Aktuelles

Löschung positiver Bewertungen in einem Ärzteportal wegen Manipulationsverdachts

Wirtschaftsrecht

In einem vom Oberlandesgericht München (OLG) am 27.2.2020 entschiedenen Fall leitete ein Ärztebewertungsportal ein Prüfungsverfahren ein, da sich bei der Bewertung eines Arztes der Verdacht einer Manipulation erhärtete. Ergibt sich im Algorithmus, dass Bewertungen nicht verifiziert sind, werden sie gelöscht.

Ein Zahnarzt, dessen positive Bewertungen teilweise entfernt wurden, war mit der Löschung nicht einverstanden. Er wandte sich an das Portal und verlangte die Darlegung des Algorithmus und Wiederherstellung der Bewertungen.

Das OLG entschied dazu, dass der Portalbetreiber nicht verpflichtet ist offenzulegen, wie der von ihm eingesetzte Algorithmus zum Aufspüren verdächtiger, also nicht "authentischer", sondern vom Arzt beeinflusster Bewertungen funktioniert.

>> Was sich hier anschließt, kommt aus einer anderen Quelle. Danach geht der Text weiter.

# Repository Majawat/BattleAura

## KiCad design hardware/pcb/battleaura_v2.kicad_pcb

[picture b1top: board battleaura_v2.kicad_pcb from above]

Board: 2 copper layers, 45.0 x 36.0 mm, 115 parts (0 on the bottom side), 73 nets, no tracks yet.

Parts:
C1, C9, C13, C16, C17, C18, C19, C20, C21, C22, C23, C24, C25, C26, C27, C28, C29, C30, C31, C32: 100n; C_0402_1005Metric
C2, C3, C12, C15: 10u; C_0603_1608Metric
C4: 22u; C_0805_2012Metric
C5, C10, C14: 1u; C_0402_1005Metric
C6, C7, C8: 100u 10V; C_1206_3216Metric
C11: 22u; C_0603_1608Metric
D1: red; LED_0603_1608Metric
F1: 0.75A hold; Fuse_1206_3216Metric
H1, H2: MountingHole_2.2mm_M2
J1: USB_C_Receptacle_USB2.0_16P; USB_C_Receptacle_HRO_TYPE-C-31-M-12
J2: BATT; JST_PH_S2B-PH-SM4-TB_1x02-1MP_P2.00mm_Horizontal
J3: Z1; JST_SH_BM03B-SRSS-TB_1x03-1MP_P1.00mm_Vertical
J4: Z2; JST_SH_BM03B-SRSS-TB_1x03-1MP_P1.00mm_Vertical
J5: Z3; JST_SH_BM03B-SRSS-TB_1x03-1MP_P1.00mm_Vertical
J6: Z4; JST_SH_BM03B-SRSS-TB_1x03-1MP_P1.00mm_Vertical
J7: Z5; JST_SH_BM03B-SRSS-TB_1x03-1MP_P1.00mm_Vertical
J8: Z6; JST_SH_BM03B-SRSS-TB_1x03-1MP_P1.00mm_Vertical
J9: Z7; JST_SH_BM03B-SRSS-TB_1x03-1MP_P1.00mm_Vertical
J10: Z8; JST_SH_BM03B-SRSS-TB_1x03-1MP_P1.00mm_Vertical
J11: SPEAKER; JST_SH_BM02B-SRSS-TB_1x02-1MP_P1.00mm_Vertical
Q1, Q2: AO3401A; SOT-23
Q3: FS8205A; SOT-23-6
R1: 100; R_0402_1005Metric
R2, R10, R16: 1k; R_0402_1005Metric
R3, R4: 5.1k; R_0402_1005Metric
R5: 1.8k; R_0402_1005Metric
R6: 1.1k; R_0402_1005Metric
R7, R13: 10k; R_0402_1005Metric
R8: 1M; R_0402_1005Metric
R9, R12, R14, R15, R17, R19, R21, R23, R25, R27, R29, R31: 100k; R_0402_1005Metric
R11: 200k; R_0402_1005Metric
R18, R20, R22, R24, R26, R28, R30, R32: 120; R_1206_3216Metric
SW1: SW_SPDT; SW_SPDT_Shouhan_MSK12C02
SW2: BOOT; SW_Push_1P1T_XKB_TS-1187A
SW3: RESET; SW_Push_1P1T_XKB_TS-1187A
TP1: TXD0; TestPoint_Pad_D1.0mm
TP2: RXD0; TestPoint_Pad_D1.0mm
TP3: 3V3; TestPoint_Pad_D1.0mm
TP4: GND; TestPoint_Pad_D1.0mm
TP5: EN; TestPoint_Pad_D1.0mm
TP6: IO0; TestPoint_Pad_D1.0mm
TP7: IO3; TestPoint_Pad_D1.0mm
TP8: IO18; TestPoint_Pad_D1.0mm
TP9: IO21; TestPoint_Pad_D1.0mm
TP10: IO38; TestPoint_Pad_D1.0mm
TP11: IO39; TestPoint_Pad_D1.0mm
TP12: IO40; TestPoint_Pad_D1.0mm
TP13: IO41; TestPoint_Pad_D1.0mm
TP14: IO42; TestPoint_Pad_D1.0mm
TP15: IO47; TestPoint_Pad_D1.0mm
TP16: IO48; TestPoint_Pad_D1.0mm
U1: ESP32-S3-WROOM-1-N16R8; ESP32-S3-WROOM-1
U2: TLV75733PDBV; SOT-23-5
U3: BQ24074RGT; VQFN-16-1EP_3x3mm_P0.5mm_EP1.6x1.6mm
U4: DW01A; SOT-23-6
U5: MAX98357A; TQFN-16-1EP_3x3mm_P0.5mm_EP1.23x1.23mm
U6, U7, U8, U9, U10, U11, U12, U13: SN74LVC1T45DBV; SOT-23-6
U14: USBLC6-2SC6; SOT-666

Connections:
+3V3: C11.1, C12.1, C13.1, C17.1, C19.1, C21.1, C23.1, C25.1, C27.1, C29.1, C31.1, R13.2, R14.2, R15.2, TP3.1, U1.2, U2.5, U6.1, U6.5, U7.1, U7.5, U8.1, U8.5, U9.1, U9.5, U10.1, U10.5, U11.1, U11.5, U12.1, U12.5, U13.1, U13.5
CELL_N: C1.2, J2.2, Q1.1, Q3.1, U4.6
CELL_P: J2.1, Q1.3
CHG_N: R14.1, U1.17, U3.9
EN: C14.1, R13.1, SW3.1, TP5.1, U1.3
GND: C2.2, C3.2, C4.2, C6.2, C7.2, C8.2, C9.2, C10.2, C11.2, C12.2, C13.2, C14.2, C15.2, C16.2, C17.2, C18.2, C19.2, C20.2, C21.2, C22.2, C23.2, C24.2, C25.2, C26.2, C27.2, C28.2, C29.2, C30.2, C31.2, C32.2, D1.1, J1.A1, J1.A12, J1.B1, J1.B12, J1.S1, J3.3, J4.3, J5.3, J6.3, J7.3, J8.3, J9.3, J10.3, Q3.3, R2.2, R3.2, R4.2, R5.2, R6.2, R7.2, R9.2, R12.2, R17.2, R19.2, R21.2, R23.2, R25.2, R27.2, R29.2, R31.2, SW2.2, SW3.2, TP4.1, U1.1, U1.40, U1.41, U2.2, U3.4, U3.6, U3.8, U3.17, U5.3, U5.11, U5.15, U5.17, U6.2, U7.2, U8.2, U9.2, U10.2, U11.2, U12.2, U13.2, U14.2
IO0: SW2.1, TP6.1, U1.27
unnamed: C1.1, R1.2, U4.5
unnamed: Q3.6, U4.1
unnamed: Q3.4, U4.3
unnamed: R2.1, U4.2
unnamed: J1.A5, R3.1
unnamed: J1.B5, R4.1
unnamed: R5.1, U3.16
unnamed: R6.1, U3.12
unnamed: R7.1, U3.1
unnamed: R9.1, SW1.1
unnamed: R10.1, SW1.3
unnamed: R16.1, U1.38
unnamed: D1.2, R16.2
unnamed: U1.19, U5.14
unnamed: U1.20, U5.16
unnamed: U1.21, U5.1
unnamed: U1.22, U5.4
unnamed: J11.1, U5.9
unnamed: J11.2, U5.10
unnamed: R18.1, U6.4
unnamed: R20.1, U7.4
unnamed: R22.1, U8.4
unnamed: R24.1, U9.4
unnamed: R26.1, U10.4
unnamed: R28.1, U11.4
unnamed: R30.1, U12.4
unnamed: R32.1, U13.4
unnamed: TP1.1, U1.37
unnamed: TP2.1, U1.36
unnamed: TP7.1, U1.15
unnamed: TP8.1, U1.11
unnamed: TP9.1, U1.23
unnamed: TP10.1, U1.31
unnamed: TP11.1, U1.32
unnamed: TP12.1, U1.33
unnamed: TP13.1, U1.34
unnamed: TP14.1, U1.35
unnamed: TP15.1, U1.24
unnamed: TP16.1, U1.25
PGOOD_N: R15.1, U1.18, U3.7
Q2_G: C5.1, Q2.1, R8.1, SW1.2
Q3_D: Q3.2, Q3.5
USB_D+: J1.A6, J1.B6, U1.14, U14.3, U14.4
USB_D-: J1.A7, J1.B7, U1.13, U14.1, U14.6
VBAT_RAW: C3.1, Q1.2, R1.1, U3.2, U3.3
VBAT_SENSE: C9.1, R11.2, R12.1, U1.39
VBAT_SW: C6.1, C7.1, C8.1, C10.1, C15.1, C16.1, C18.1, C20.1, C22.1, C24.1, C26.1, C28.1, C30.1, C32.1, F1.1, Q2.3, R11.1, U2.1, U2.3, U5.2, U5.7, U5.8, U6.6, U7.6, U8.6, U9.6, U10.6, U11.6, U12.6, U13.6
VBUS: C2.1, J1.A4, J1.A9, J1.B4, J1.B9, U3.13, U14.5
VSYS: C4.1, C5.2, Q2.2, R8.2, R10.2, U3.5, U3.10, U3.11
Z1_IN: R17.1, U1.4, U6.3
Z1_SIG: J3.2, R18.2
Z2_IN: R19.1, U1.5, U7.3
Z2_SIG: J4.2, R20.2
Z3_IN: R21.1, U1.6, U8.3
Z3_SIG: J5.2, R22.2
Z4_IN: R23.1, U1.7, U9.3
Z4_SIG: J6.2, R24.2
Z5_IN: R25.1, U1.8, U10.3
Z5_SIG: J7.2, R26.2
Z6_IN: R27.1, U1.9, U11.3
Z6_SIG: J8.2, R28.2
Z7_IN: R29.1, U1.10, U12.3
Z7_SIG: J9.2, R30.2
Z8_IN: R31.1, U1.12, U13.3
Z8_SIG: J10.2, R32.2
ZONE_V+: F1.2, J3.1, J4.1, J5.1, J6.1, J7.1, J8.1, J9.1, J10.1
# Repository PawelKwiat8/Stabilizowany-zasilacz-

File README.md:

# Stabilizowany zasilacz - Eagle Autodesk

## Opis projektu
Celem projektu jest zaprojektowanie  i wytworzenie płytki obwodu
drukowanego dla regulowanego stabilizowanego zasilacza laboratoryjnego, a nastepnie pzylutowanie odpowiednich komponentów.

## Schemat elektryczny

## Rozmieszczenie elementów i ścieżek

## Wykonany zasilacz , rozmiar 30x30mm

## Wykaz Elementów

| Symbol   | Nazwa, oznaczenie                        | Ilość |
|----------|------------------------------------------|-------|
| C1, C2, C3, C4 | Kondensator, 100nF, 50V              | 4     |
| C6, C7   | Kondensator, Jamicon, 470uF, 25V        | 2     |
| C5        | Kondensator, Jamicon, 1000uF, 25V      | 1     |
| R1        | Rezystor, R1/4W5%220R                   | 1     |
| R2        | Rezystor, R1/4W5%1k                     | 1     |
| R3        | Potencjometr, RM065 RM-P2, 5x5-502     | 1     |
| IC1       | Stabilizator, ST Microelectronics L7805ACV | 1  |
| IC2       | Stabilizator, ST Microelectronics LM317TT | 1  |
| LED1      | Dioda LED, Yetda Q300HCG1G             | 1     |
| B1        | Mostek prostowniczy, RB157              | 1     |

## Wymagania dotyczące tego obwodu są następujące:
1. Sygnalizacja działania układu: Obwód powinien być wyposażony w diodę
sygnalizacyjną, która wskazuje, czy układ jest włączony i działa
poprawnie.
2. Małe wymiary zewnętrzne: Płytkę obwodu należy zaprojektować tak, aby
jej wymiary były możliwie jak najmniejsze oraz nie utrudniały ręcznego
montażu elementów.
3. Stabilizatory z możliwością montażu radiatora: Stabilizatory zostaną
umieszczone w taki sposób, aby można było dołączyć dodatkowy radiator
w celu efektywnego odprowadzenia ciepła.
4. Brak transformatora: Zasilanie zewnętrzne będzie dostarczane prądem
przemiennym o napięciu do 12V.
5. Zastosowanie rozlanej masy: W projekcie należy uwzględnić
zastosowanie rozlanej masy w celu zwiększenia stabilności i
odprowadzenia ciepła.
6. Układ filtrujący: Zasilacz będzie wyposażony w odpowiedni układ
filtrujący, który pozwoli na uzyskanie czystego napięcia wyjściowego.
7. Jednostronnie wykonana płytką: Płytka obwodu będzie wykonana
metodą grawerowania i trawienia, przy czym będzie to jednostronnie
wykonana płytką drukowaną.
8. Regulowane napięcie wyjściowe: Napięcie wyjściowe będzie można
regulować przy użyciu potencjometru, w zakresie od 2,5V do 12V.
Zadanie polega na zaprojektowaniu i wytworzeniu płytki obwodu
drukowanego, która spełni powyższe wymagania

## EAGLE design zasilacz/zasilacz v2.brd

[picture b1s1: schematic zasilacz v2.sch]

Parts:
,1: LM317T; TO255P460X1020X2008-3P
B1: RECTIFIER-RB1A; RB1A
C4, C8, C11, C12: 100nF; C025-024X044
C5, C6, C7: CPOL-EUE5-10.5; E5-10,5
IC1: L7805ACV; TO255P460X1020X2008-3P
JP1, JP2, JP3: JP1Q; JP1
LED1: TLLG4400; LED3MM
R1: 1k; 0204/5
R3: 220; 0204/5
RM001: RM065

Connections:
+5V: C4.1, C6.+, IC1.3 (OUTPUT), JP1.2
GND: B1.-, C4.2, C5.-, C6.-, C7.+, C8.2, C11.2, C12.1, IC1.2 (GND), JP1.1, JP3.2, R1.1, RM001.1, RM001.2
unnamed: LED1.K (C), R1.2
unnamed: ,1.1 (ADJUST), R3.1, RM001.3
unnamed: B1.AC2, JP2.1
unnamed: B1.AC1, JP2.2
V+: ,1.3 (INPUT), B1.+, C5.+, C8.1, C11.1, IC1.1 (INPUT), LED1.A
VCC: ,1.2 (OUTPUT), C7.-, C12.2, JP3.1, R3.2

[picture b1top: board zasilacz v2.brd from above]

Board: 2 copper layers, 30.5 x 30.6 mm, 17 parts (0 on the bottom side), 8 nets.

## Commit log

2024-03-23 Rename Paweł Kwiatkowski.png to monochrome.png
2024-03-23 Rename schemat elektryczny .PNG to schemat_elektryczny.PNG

Hierbei handelt es sich um ein nicht zu offenbarendes Geschäftsgeheimnis des Portalbetreibers, denn wenn dem Verkehr dies bekannt würde, würden seitens der Ärzte bzw. seitens von diesen beauftragten Agenturen Umgehungsmöglichkeiten entwickelt und der Portalbetreiber würde durch die Offenlegung sein eigenes Geschäftsmodell gefährden.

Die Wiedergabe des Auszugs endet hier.